Start of Exercise material
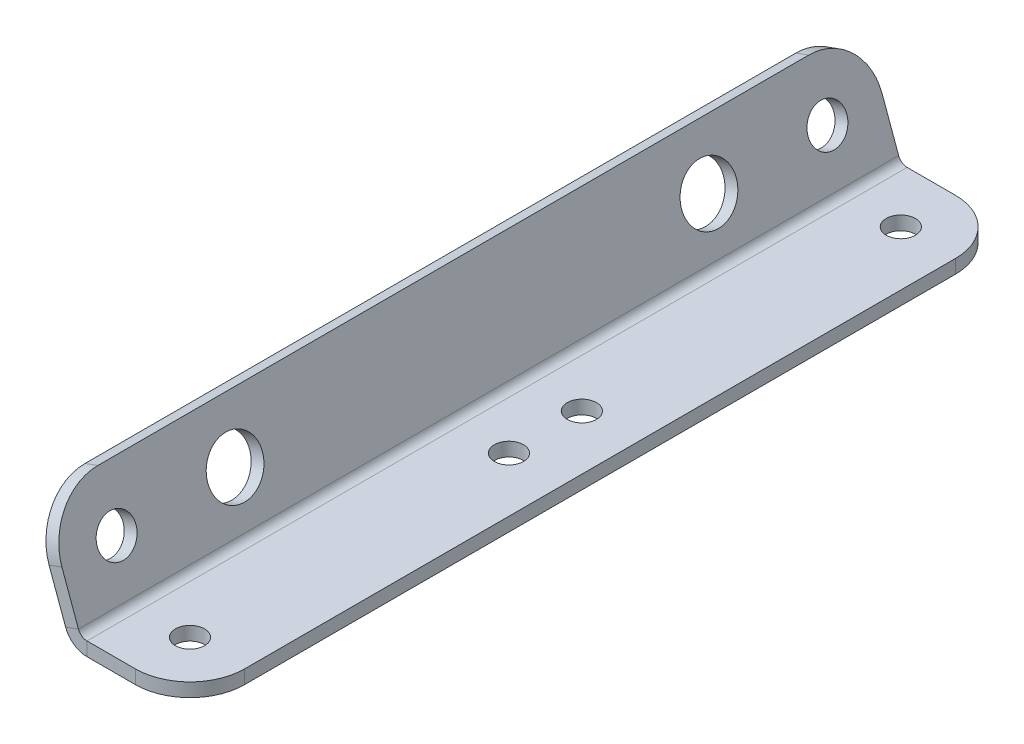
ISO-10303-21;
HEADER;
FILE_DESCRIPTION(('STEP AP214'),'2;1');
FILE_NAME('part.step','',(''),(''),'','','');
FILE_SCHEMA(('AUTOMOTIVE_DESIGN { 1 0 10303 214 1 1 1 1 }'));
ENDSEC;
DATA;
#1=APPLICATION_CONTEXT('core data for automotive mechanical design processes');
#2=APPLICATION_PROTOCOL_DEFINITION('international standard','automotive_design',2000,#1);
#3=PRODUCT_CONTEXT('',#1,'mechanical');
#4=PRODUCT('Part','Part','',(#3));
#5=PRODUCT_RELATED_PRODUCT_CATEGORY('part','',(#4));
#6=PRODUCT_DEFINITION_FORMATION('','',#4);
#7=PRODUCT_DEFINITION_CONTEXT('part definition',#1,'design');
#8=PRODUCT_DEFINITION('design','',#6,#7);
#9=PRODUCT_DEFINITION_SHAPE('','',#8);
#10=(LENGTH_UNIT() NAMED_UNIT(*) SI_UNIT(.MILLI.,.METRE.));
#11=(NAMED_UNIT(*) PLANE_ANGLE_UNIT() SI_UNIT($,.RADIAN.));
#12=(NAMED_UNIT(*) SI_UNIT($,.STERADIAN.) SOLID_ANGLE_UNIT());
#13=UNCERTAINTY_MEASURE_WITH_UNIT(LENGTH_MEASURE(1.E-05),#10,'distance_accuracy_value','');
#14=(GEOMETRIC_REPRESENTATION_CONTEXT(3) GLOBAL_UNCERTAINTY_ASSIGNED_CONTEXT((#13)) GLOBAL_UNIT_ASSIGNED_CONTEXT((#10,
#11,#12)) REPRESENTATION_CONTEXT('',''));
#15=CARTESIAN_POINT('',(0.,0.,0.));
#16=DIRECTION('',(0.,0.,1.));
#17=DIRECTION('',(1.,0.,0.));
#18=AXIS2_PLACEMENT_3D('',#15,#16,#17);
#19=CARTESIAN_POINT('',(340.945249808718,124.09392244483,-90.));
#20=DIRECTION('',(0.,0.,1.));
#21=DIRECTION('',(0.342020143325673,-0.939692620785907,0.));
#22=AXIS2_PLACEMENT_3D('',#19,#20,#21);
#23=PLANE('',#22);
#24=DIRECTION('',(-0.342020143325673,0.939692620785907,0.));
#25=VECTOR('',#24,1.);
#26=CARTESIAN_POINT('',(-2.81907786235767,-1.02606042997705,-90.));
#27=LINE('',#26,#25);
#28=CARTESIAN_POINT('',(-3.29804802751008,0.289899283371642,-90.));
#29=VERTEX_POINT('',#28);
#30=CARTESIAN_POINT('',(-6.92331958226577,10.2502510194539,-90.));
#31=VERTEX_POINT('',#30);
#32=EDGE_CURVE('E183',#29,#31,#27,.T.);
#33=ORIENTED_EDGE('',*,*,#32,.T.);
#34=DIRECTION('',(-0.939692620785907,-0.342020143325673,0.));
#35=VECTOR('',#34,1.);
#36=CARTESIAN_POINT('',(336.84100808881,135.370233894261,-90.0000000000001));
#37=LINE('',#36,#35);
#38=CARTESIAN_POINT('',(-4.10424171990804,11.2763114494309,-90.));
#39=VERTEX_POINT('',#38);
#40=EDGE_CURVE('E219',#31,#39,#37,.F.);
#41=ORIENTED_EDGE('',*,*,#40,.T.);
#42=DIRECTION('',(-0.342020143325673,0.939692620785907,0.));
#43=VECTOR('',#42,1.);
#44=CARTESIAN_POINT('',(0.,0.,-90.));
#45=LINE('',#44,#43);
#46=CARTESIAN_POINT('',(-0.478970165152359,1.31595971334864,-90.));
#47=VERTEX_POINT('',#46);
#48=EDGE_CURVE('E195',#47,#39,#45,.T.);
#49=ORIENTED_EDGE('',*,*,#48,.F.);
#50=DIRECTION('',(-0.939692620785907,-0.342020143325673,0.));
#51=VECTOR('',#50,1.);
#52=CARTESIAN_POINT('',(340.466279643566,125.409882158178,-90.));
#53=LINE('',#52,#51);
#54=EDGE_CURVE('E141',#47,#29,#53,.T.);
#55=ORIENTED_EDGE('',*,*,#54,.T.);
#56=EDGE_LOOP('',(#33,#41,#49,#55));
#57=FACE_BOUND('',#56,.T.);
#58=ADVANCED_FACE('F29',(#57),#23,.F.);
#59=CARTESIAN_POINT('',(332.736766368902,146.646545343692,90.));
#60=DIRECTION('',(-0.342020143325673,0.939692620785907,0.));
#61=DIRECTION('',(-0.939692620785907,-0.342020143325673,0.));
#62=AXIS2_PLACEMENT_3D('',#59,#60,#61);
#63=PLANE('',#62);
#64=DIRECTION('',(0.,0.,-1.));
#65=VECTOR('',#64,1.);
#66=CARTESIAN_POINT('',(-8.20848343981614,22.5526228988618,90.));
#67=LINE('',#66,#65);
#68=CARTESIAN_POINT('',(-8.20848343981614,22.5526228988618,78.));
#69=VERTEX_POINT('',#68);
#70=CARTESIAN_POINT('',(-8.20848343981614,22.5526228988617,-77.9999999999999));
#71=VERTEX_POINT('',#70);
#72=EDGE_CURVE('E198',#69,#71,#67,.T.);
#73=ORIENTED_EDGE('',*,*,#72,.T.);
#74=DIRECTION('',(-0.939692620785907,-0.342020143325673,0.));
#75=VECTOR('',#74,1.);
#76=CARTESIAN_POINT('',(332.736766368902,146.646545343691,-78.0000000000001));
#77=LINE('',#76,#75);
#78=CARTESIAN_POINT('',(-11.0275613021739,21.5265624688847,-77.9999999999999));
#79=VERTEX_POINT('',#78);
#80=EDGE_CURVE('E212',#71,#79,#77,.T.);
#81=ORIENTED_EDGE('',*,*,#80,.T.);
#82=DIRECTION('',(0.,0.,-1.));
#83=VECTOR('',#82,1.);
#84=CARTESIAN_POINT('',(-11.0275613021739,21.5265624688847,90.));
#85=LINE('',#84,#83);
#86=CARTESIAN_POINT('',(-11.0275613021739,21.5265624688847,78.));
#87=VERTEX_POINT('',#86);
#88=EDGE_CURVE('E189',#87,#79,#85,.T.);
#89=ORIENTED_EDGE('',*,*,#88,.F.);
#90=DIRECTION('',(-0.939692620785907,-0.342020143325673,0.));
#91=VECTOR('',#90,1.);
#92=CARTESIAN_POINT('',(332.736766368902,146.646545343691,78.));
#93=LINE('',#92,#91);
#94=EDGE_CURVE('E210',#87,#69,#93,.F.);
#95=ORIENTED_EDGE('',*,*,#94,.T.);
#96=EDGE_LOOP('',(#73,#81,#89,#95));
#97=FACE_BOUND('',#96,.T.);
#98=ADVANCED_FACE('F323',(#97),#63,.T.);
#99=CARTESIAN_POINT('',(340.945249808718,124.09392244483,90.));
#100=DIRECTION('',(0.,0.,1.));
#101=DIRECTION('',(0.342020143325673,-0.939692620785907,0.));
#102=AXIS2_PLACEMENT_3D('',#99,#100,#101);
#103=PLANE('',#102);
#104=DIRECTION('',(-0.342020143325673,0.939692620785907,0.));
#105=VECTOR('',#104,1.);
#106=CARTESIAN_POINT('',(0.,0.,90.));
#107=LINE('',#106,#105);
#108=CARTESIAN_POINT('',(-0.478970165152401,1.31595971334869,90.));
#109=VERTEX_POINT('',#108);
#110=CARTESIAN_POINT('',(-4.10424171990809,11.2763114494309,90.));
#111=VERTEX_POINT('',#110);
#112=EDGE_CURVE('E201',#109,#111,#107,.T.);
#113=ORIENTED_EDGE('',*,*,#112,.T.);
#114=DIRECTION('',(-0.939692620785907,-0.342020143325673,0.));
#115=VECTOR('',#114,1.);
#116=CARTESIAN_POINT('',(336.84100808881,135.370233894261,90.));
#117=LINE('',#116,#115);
End of Exercise material
## Activity
Report how many lines above hold "VECTOR", number only.

## Exercise answer
10